Work order -> Sort through the material below and copy each line with "FEUER".

- - -

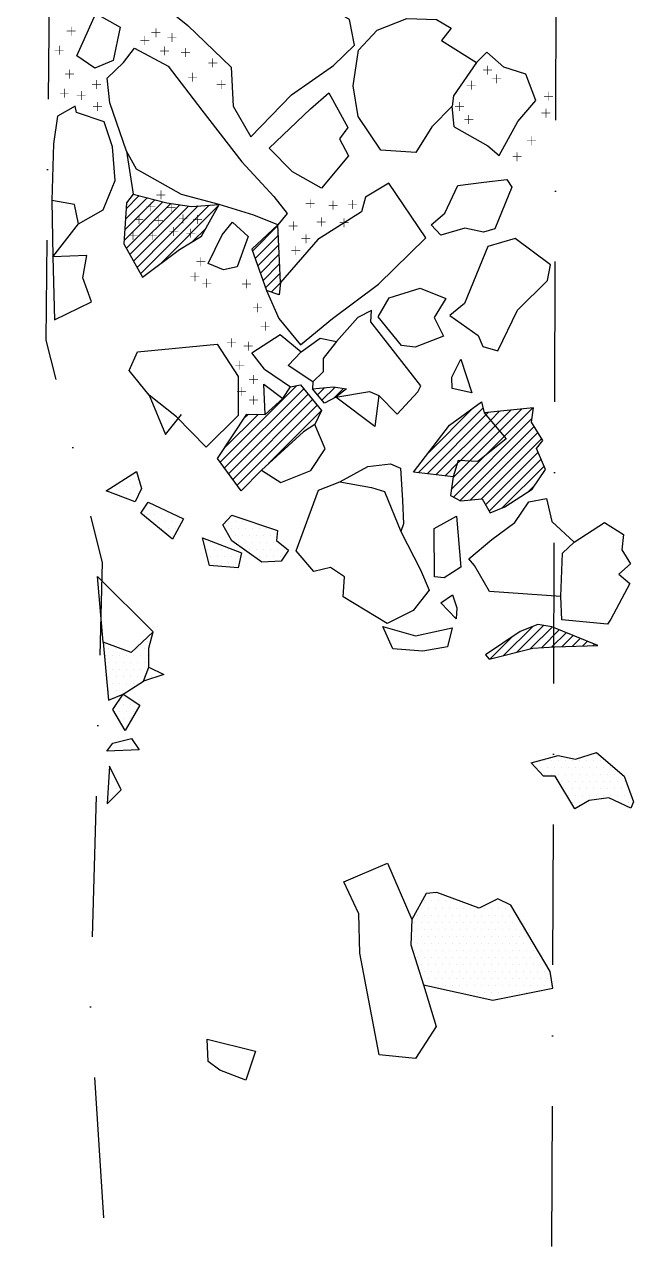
# Model space of a CAD drawing. Header units: metres. Extents: x -425 to -317, y -1799 to -1370.
# Drawn here: x -425.1 to -316.6, y -1799 to -1581.5 of the extents above; entities that cross this region are included whole.
import ezdxf

# ---------------------------------------------------------------- set-up
doc = ezdxf.new("R2010")
doc.units = ezdxf.units.M
doc.header["$LTSCALE"] = 25
doc.header["$MEASUREMENT"] = 0
doc.linetypes.add('STRICHPUNKTX2', pattern=[2, 1, -0.5, 0, -0.5])
doc.layers.get('0').update_dxf_attribs({"linetype": 'CONTINUOUS'})
for name, color, linetype in [('FEUER', 1, 'CONTINUOUS'), ('GRABUNGSGRENZE', 3, 'STRICHPUNKTX2'), ('STEINE', 4, 'CONTINUOUS'), ('STEINESCHRAFF', 4, 'CONTINUOUS')]:
    doc.layers.add(name, color=color, linetype=linetype)

# ---------------------------------------------------------------- blocks, each defined once
blk = doc.blocks.new('*X2')
at = {"color": 0}
for p, q in [((-407.3, -1619.99), (-400.43, -1613.12)), ((-407.18, -1618.1), (-401.83, -1612.75)), ((-407.06, -1616.21), (-403.22, -1612.37)), ((-406.93, -1614.32), (-404.62, -1612)), ((-406.91, -1621.37), (-398.96, -1613.41)), ((-406.28, -1622.5), (-397.41, -1613.63)), ((-405.64, -1623.64), (-395.86, -1613.85)), ((-405.01, -1624.77), (-394.09, -1613.84)), ((-404.38, -1625.9), (-392.18, -1613.71)), ((-400.84, -1624.13), (-390.49, -1613.78)), ((-395.11, -1620.17), (-392.71, -1617.77)), ((-384.44, -1621.87), (-379.91, -1617.34)), ((-383.97, -1623.17), (-379.83, -1619.04)), ((-383.5, -1624.48), (-379.76, -1620.73)), ((-383.04, -1625.78), (-379.69, -1622.43)), ((-382.57, -1627.08), (-379.62, -1624.12)), ((-382.1, -1628.38), (-379.54, -1625.82)), ((-381.1, -1629.15), (-379.48, -1627.53)), ((-379.79, -1629.6), (-379.67, -1629.48)), ((-390.18, -1659.43), (-376.55, -1645.81)), ((-389.43, -1660.46), (-375.33, -1646.35)), ((-388.69, -1661.48), (-374.53, -1647.32)), ((-373.68, -1646.47), (-373.59, -1646.38)), ((-372.88, -1647.44), (-371.63, -1646.19)), ((-372.09, -1648.41), (-369.75, -1646.08)), ((-369.89, -1647.99), (-368.23, -1646.32)), ((-387.94, -1662.5), (-373.74, -1648.3)), ((-387.2, -1663.52), (-372.94, -1649.27)), ((-381.6, -1659.69), (-372.19, -1650.29)), ((-354.95, -1661.33), (-343.41, -1649.79)), ((-353.07, -1657.69), (-345.19, -1649.8)), ((-342.07, -1651.99), (-340.44, -1650.35)), ((-341.26, -1652.95), (-338.47, -1650.15)), ((-340.46, -1653.91), (-336.5, -1649.95)), ((-339.65, -1654.87), (-334.53, -1649.75)), ((-389.46, -1656.95), (-383.44, -1650.93)), ((-386.02, -1651.74), (-385.15, -1650.87)), ((-353.37, -1661.52), (-342.88, -1651.03)), ((-351.79, -1661.7), (-342.07, -1651.99)), ((-348.65, -1665.63), (-334.69, -1651.68)), ((-342.88, -1651.03), (-342.41, -1650.55)), ((-347.49, -1659.17), (-341.26, -1652.95)), ((-347.49, -1666.24), (-334.31, -1653.06)), ((-345.8, -1659.25), (-340.46, -1653.91)), ((-345.62, -1666.14), (-333.63, -1654.15)), ((-343.68, -1665.97), (-332.95, -1655.24)), ((-343.26, -1658.48), (-339.65, -1654.87)), ((-349.05, -1664.26), (-343.26, -1658.48)), ((-342.94, -1667), (-333.59, -1657.65)), ((-342.29, -1668.12), (-333.05, -1658.88)), ((-350.2, -1661.89), (-347.97, -1659.66)), ((-348.71, -1662.16), (-345.8, -1659.25)), ((-347.97, -1659.66), (-347.49, -1659.17)), ((-339.98, -1667.57), (-332.52, -1660.11)), ((-335.27, -1664.63), (-334.2, -1663.56)), ((-339.73, -1693.84), (-334.54, -1688.65)), ((-337.37, -1693.24), (-332.6, -1688.48)), ((-335, -1692.65), (-331.11, -1688.76)), ((-333.01, -1692.43), (-329.85, -1689.26)), ((-342.1, -1694.44), (-338.06, -1690.41)), ((-331.12, -1692.31), (-328.59, -1689.77)), ((-329.28, -1692.23), (-327.33, -1690.28)), ((-327.46, -1692.17), (-326.07, -1690.79)), ((-325.63, -1692.12), (-324.81, -1691.29)), ((-323.81, -1692.06), (-323.55, -1691.8))]:
    blk.add_line(p, q, dxfattribs=at)
blk = doc.blocks.new('LB')
at = {"layer": 'FEUER', "const_width": 0.1}
for points in [[(0, 0), (0, -1.6)], [(-0.8, -0.8), (0.8, -0.8)]]:
    blk.add_lwpolyline(points, dxfattribs=at)
blk = doc.blocks.new('*X5')
at = {"color": 0}
for p, q in [((-406.25, -1662.5), (-406.25, -1662.5)), ((-405, -1662.5), (-405, -1662.5)), ((-408.75, -1665), (-408.75, -1665)), ((-408.125, -1663.75), (-408.125, -1663.75)), ((-407.5, -1665), (-407.5, -1665)), ((-406.875, -1663.75), (-406.875, -1663.75)), ((-406.25, -1665), (-406.25, -1665)), ((-405.625, -1663.75), (-405.625, -1663.75)), ((-405, -1665), (-405, -1665)), ((-404.375, -1663.75), (-404.375, -1663.75)), ((-405.625, -1666.25), (-405.625, -1666.25)), ((-402.5, -1667.5), (-402.5, -1667.5)), ((-401.25, -1667.5), (-401.25, -1667.5)), ((-403.125, -1668.75), (-403.125, -1668.75)), ((-401.875, -1668.75), (-401.875, -1668.75)), ((-400.625, -1668.75), (-400.625, -1668.75)), ((-399.375, -1668.75), (-399.375, -1668.75)), ((-401.25, -1670), (-401.25, -1670)), ((-400.625, -1671.25), (-400.625, -1671.25)), ((-400, -1670), (-400, -1670)), ((-399.375, -1671.25), (-399.375, -1671.25)), ((-398.75, -1670), (-398.75, -1670)), ((-398.125, -1671.25), (-398.125, -1671.25)), ((-397.5, -1670), (-397.5, -1670)), ((-388.75, -1670), (-388.75, -1670)), ((-388.125, -1671.25), (-388.125, -1671.25)), ((-387.5, -1670), (-387.5, -1670)), ((-386.875, -1671.25), (-386.875, -1671.25)), ((-386.25, -1670), (-386.25, -1670)), ((-385.625, -1671.25), (-385.625, -1671.25)), ((-385, -1670), (-385, -1670)), ((-384.375, -1671.25), (-384.375, -1671.25)), ((-383.125, -1671.25), (-383.125, -1671.25)), ((-381.875, -1671.25), (-381.875, -1671.25)), ((-398.75, -1672.5), (-398.75, -1672.5)), ((-393.125, -1673.75), (-393.125, -1673.75)), ((-391.875, -1673.75), (-391.875, -1673.75)), ((-387.5, -1672.5), (-387.5, -1672.5)), ((-386.875, -1673.75), (-386.875, -1673.75)), ((-386.25, -1672.5), (-386.25, -1672.5)), ((-385.625, -1673.75), (-385.625, -1673.75)), ((-385, -1672.5), (-385, -1672.5)), ((-384.375, -1673.75), (-384.375, -1673.75)), ((-383.75, -1672.5), (-383.75, -1672.5)), ((-383.125, -1673.75), (-383.125, -1673.75)), ((-382.5, -1672.5), (-382.5, -1672.5)), ((-381.875, -1673.75), (-381.875, -1673.75)), ((-381.25, -1672.5), (-381.25, -1672.5)), ((-380.625, -1673.75), (-380.625, -1673.75)), ((-392.5, -1675), (-392.5, -1675)), ((-391.875, -1676.25), (-391.875, -1676.25)), ((-391.25, -1675), (-391.25, -1675)), ((-390.625, -1676.25), (-390.625, -1676.25)), ((-390, -1675), (-390, -1675)), ((-389.375, -1676.25), (-389.375, -1676.25)), ((-388.75, -1675), (-388.75, -1675)), ((-388.125, -1676.25), (-388.125, -1676.25)), ((-386.875, -1676.25), (-386.875, -1676.25)), ((-385, -1675), (-385, -1675)), ((-383.75, -1675), (-383.75, -1675)), ((-383.125, -1676.25), (-383.125, -1676.25)), ((-382.5, -1675), (-382.5, -1675)), ((-381.875, -1676.25), (-381.875, -1676.25)), ((-381.25, -1675), (-381.25, -1675)), ((-380.625, -1676.25), (-380.625, -1676.25)), ((-380, -1675), (-380, -1675)), ((-379.375, -1676.25), (-379.375, -1676.25)), ((-378.75, -1675), (-378.75, -1675)), ((-391.25, -1677.5), (-391.25, -1677.5)), ((-390, -1677.5), (-390, -1677.5)), ((-388.75, -1677.5), (-388.75, -1677.5)), ((-387.5, -1677.5), (-387.5, -1677.5)), ((-403.125, -1691.25), (-403.125, -1691.25)), ((-402.5, -1690), (-402.5, -1690)), ((-410.625, -1693.75), (-410.625, -1693.75)), ((-410, -1692.5), (-410, -1692.5)), ((-409.375, -1693.75), (-409.375, -1693.75)), ((-408.75, -1692.5), (-408.75, -1692.5)), ((-408.125, -1693.75), (-408.125, -1693.75)), ((-406.875, -1693.75), (-406.875, -1693.75)), ((-405.625, -1693.75), (-405.625, -1693.75)), ((-405, -1692.5), (-405, -1692.5)), ((-404.375, -1693.75), (-404.375, -1693.75)), ((-403.75, -1692.5), (-403.75, -1692.5)), ((-403.125, -1693.75), (-403.125, -1693.75)), ((-410, -1695), (-410, -1695)), ((-408.75, -1695), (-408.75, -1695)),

- - -

Task response ->
for name, color, linetype in [('FEUER', 1, 'CONTINUOUS'), ('GRABUNGSGRENZE', 3, 'STRICHPUNKTX2'), ('STEINE', 4, 'CONTINUOUS'), ('STEINESCHRAFF', 4, 'CONTINUOUS')]:
at = {"layer": 'FEUER', "const_width": 0.1}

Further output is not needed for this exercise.